The Atlantic Says GOP Leader Hopes Minorities Don’t Vote, But He Didn’t Say That at All

The Atlantic illicitly portrayed GOP House Speaker John Bohner as saying that he “said out loud he hopes blacks and Latinos ‘won’t show up’ this election,” but a look at what Boehener actually said proves that The Atlantic is purposefully misleading its readers.

In its headline, The Atlantic Wire story for August 27 screams, “Boehner Says Out Loud He Hopes Blacks and Latinos ‘Won’t Show Up’ This Election.”

If John Boehner really did say that he hoped that blacks and Hispanics wouldn’t vote this election that would be quite an incendiary thing to say, for sure. It would rightly bring condemnation down on the Speaker’s head. And The Atlantic is saying flat out that this is what Boehner said.

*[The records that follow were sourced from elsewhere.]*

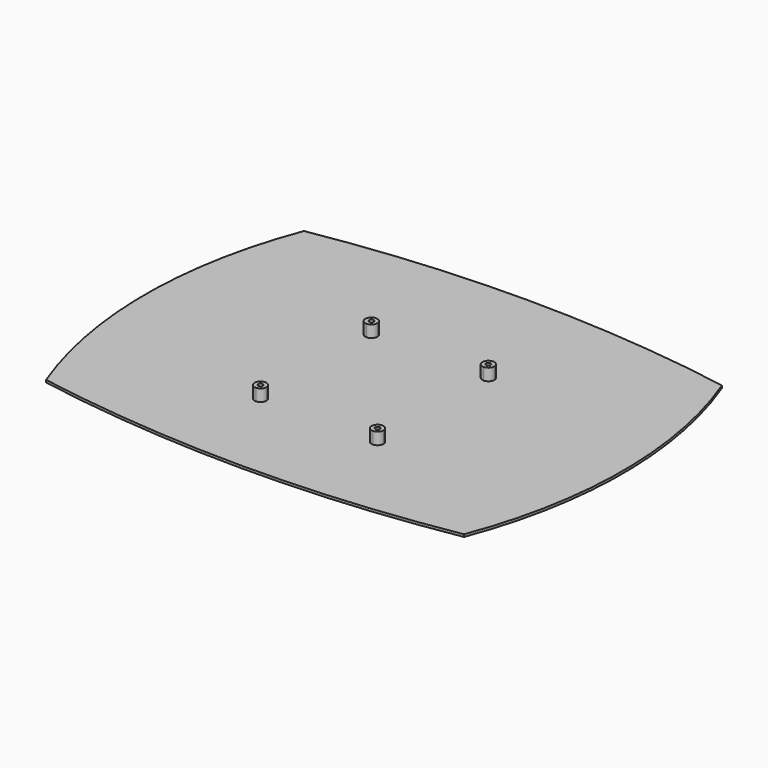
from build123d import *

# Parameters (mm, degrees)
F1_DEPTH        = 1
F3_DEPTH        = 0.5
F5_DEPTH        = 5
F10_D           = 2
F10_DEPTH       = 5
F10_TIP         = 0.600860619
F10_ON_F7_D     = 2
F10_ON_F7_DEPTH = 5
F10_ON_F7_TIP   = 0.600860619
F10_ON_F8_D     = 2
F10_ON_F8_DEPTH = 5
F10_ON_F8_TIP   = 0.600860619
F10_ON_F9_D     = 2
F10_ON_F9_DEPTH = 5
F10_ON_F9_TIP   = 0.600860619


# Not quite as in the source:
# - ends of sketch curves that miss each other by under 0.0002 mm in the source are joined


with BuildPart() as f1:
    # F0 (on Top) → F1 (new body)
    with BuildSketch(Plane.XY):
        with BuildLine():
            ThreePointArc((87.5, -67.5), (100, 0), (87.5, 67.5))
            ThreePointArc((87.5, 67.5), (0, 75), (-87.5, 67.5))
            ThreePointArc((-87.5, 67.5), (-100, 0), (-87.5, -67.5))
            ThreePointArc((-87.5, -67.5), (0, -75), (87.5, -67.5))
        make_face()
    extrude(amount=F1_DEPTH)

    # F2 (on face) → F3 (cut)
    with BuildSketch(Plane(origin=(0, 0, 0), x_dir=(1, 0, 0), z_dir=(0, 0, -1))):
        Polygon((59.9405638027, -1.5313209672), (59.9405638027, -3.714e-05), (59.9405638027, 1.5331036891), (59.6300730728, 6.1295549733), (58.7212563071, 12.0819890983), (57.2441969375, 17.8245820004), (55.2293497966, 23.3313356518), (52.7045699138, 28.5721666207), (49.7021691234, 33.5132774711), (46.2529736583, 38.1275559743), (42.3840957472, 42.3849186981), (38.126361623, 46.2537966092), (33.5117117195, 49.7033634747), (28.5691152675, 52.705764265), (23.3301413005, 55.2305441479), (17.8233876491, 57.2453912888), (12.078937745, 58.7224506584), (6.1268750204, 59.6308960237), (1.5300523358, 59.9395297516), (-0.0008600909, 59.9395297516), (-1.5343723204, 59.9395297516), (-6.1304522042, 59.6308960237), (-12.0828863293, 58.7224506584), (-17.8277076337, 57.2453912888), (-23.3344612852, 55.2305441479), (-28.5734352521, 52.705764265), (-33.5160317041, 49.7033634747), (-38.1304216273, 46.2537966092), (-42.3860387693, 42.3849186981), (-46.2548052603, 38.1275559743), (-49.7044464059, 33.5132774711), (-52.7068100562, 28.5721666207), (-55.2315527989, 23.3313356518), (-57.24651136, 17.8245820004), (-58.7234964495, 12.0819890983), (-59.6322389351, 6.1295549733), (-59.9405384027, 1.5331036891), (-59.9405384027, -3.714e-05), (-59.9405384027, -1.5313209672), (-59.6322389351, -6.127400851), (-58.7234964495, -12.079834976), (-57.24651136, -17.8246562804), (-55.2315527989, -23.3314099319), (-52.7068100562, -28.5722409008), (-49.7044464059, -33.5130917709), (-46.2548052603, -38.1273702741), (-42.3860387693, -42.3850672583), (-38.1284160652, -46.251753907), (-33.5141747021, -49.7034748948), (-28.5734352521, -52.705764265), (-23.3326042832, -55.2285014457), (-17.8254792313, -57.2434600068), (-12.0828863293, -58.7204450962), (-6.1304522042, -59.6291875818), (-1.5343723204, -59.9395297516), (-0.0008600909, -59.9395297516), (1.5300523358, -59.9395297516), (6.1268750204, -59.6291875818), (12.078937745, -58.7204450962), (17.8233876491, -57.2434600068), (23.3301413005, -55.2285014457), (28.5691152675, -52.705764265), (33.5117117195, -49.7034748948), (38.126361623, -46.251753907), (42.3840957472, -42.3850672583), (46.2529736583, -38.1273702741), (49.7021691234, -33.5130917709), (52.7045699138, -28.5722409008), (55.2293497966, -23.3314099319), (57.2441969375, -17.8246562804), (58.7212563071, -12.079834976), (59.6300730728, -6.127400851), align=None)
        Polygon((38.1304470273, -28.6145805458), (15.9292456364, -35.0243199768), (0.9922645644, 2.8311480684), (-20.9062448628, -31.6715753619), (-34.6344668525, -31.6715771942), (-4.051352795, 17.7139046828), (-7.4845780431, 27.4743070541), (-19.3931602971, 27.4743070541), (-19.3931602971, 39.1043390122), (0.9922645644, 39.1043390122), (24.4064596442, -20.4359724552), (34.6987073808, -17.08074129), align=None, mode=Mode.SUBTRACT)
    extrude(amount=-F3_DEPTH, mode=Mode.SUBTRACT)

    # F4 (on face) → F5 (join)
    with BuildSketch(Plane.XY.offset(1)):
        with BuildLine():
            ThreePointArc((-24.5, -31.5), (-26.267766953, -32.232233047), (-27, -34))
            Line((-27, -34), (-24.5, -34))
            Line((-24.5, -34), (-24.5, -31.5))
        make_face()
        with BuildLine():
            Line((-24.5, -31.5), (-24.5, -34))
            Line((-24.5, -34), (-22, -34))
            ThreePointArc((-22, -34), (-22.732233047, -32.232233047), (-24.5, -31.5))
        make_face()
        with BuildLine():
            Line((-22, -34), (-24.5, -34))
            Line((-24.5, -34), (-24.5, -36.5))
            ThreePointArc((-24.5, -36.5), (-22.732233047, -35.767766953), (-22, -34))
        make_face()
        with BuildLine():
            Line((-24.5, -34), (-27, -34))
            ThreePointArc((-27, -34), (-26.267766953, -35.767766953), (-24.5, -36.5))
            Line((-24.5, -36.5), (-24.5, -34))
        make_face()
        with BuildLine():
            Line((-24.5, 24), (-24.5, 26.5))
            ThreePointArc((-24.5, 26.5), (-26.267766953, 25.767766953), (-27, 24))
            Line((-27, 24), (-24.5, 24))
        make_face()
        with BuildLine():
            Line((-24.5, 24), (-27, 24))
            ThreePointArc((-27, 24), (-26.267766953, 22.232233047), (-24.5, 21.5))
            Line((-24.5, 21.5), (-24.5, 24))
        make_face()
        with BuildLine():
            ThreePointArc((-22, 24), (-22.732233047, 25.767766953), (-24.5, 26.5))
            Line((-24.5, 26.5), (-24.5, 24))
            Line((-24.5, 24), (-22, 24))
        make_face()
        with BuildLine():
            Line((-22, 24), (-24.5, 24))
            Line((-24.5, 24), (-24.5, 21.5))
            ThreePointArc((-24.5, 21.5), (-22.732233047, 22.232233047), (-22, 24))
        make_face()
        with BuildLine():
            Line((24.5, -34), (24.5, -31.5))
            ThreePointArc((24.5, -31.5), (22.732233047, -32.232233047), (22, -34))
            Line((22, -34), (24.5, -34))
        make_face()
        with BuildLine():
            ThreePointArc((22, -34), (22.732233047, -35.767766953), (24.5, -36.5))
            Line((24.5, -36.5), (24.5, -34))
            Line((24.5, -34), (22, -34))
        make_face()
        with BuildLine():
            Line((24.5, -34), (27, -34))
            ThreePointArc((27, -34), (26.267766953, -32.232233047), (24.5, -31.5))
            Line((24.5, -31.5), (24.5, -34))
        make_face()
        with BuildLine():
            ThreePointArc((24.5, -36.5), (26.267766953, -35.767766953), (27, -34))
            Line((27, -34), (24.5, -34))
            Line((24.5, -34), (24.5, -36.5))
        make_face()
        with BuildLine():
            Line((24.5, 24), (24.5, 26.5))
            ThreePointArc((24.5, 26.5), (22.732233047, 25.767766953), (22, 24))
            Line((22, 24), (24.5, 24))
        make_face()
        with BuildLine():
            ThreePointArc((27, 24), (26.267766953, 25.767766953), (24.5, 26.5))
            Line((24.5, 26.5), (24.5, 24))
            Line((24.5, 24), (27, 24))
        make_face()
        with BuildLine():
            Line((27, 24), (24.5, 24))
            Line((24.5, 24), (24.5, 21.5))
            ThreePointArc((24.5, 21.5), (26.267766953, 22.232233047), (27, 24))
        make_face()
        with BuildLine():
            Line((24.5, 21.5), (24.5, 24))
            Line((24.5, 24), (22, 24))
            ThreePointArc((22, 24), (22.732233047, 22.232233047), (24.5, 21.5))
        make_face()
    extrude(amount=F5_DEPTH)

    # F10
    with Locations(Plane.XY.offset(6)):
        with Locations((-24.5, 24)):
            Hole(F10_D / 2, depth=F10_DEPTH)
            with Locations((0, 0, -(F10_DEPTH + F10_TIP / 2))):  # 118° drill point
                Cone(0, F10_D / 2, F10_TIP, mode=Mode.SUBTRACT)

    # F10 on F7
    with Locations(Plane.XY.offset(6)):
        with Locations((24.5, 24)):
            Hole(F10_ON_F7_D / 2, depth=F10_ON_F7_DEPTH)
            with Locations((0, 0, -(F10_ON_F7_DEPTH + F10_ON_F7_TIP / 2))):  # 118° drill point
                Cone(0, F10_ON_F7_D / 2, F10_ON_F7_TIP, mode=Mode.SUBTRACT)

    # F10 on F8
    with Locations(Plane.XY.offset(6)):
        with Locations((-24.5, -34)):
            Hole(F10_ON_F8_D / 2, depth=F10_ON_F8_DEPTH)
            with Locations((0, 0, -(F10_ON_F8_DEPTH + F10_ON_F8_TIP / 2))):  # 118° drill point
                Cone(0, F10_ON_F8_D / 2, F10_ON_F8_TIP, mode=Mode.SUBTRACT)

    # F10 on F9
    with Locations(Plane.XY.offset(6)):
        with Locations((24.5, -34)):
            Hole(F10_ON_F9_D / 2, depth=F10_ON_F9_DEPTH)
            with Locations((0, 0, -(F10_ON_F9_DEPTH + F10_ON_F9_TIP / 2))):  # 118° drill point
                Cone(0, F10_ON_F9_D / 2, F10_ON_F9_TIP, mode=Mode.SUBTRACT)


solid = f1.part

It wasn’t just the headline, either. Even in its lead paragraph The Atlantic characterized Boehner’s comments as wishing minorities won’t vote. (My bold)

House Speaker John Boehner is the most prominent Republican to admit, out loud, that his party’s strategy for winning in November doesn’t suppose that the GOP can win over some black and Latino voters, but hoping they won’t vote at all.

But this is simply untrue because, as The Atlantic itself quotes Boehner, he was saying something quite different.

“This election is about economics… These groups have been hit the hardest. They may not show up and vote for our candidate but I’d suggest to you they won’t show up and vote for the president either.”

In other words, Boehner was saying that Obama hasn’t excited black and Latino voters and he hasn’t served their interests so he, Boehner, thinks they won’t turn out to vote for Obama. He wasn’t saying he hopes minorities won’t vote he was saying the President has failed to give them a reason to vote for him.

The Atlantic’s writer purposefully misrepresented what John Boehner said, here. Plain and simple. As Duane Lester says, “the headline and the first line are complete fabrications.”

Not only that, but The Atlantic found itself being programmed by an extremist, left-wing website called Talking Points Memo (TPM) as that is where writer Elspeth Reeve got her quote. Apparently The Atlantic just follows the lead of the far left blogosphere. Hardly the intellectual magazine it used to be, huh?

Then we can add one more effort at misrepresentation of Republicans to this story. Reeve also adds this bit of leftist doggerel:

Boehner wasn’t talking about voter I.D. laws, which are being pushed by Republicans and criticized as disenfranchising minority and poor voters…

Notice the untruthful way this was written?

Reeve’s sentence presupposes that voter I.D. laws are meant to disenfranchise voters because that would be part of Boehner’s premise of getting blacks and Hispanics not to vote. Of course Reeve is right that Boehner wasn’t talking about voter I.D. laws. He didn’t mention them or allude to them at all. And this begs the question, why mention it in the story, Mz. Reeve, if no one was talking about it? Where is the relevance to the reportage of Boehner’s comments?

This was a pretty sly piece of propaganda thrown into what is presented as news. The only reason the voter I.D. law subject was added to the story despite that no one was talking about it was so that Reeve could push the lie that such laws are meant to disenfranchise minorities.

It is one of those “when did you stop beating your wife” attempts at “journalism.”

This entire story is pure anti-Republican spin, not “news.”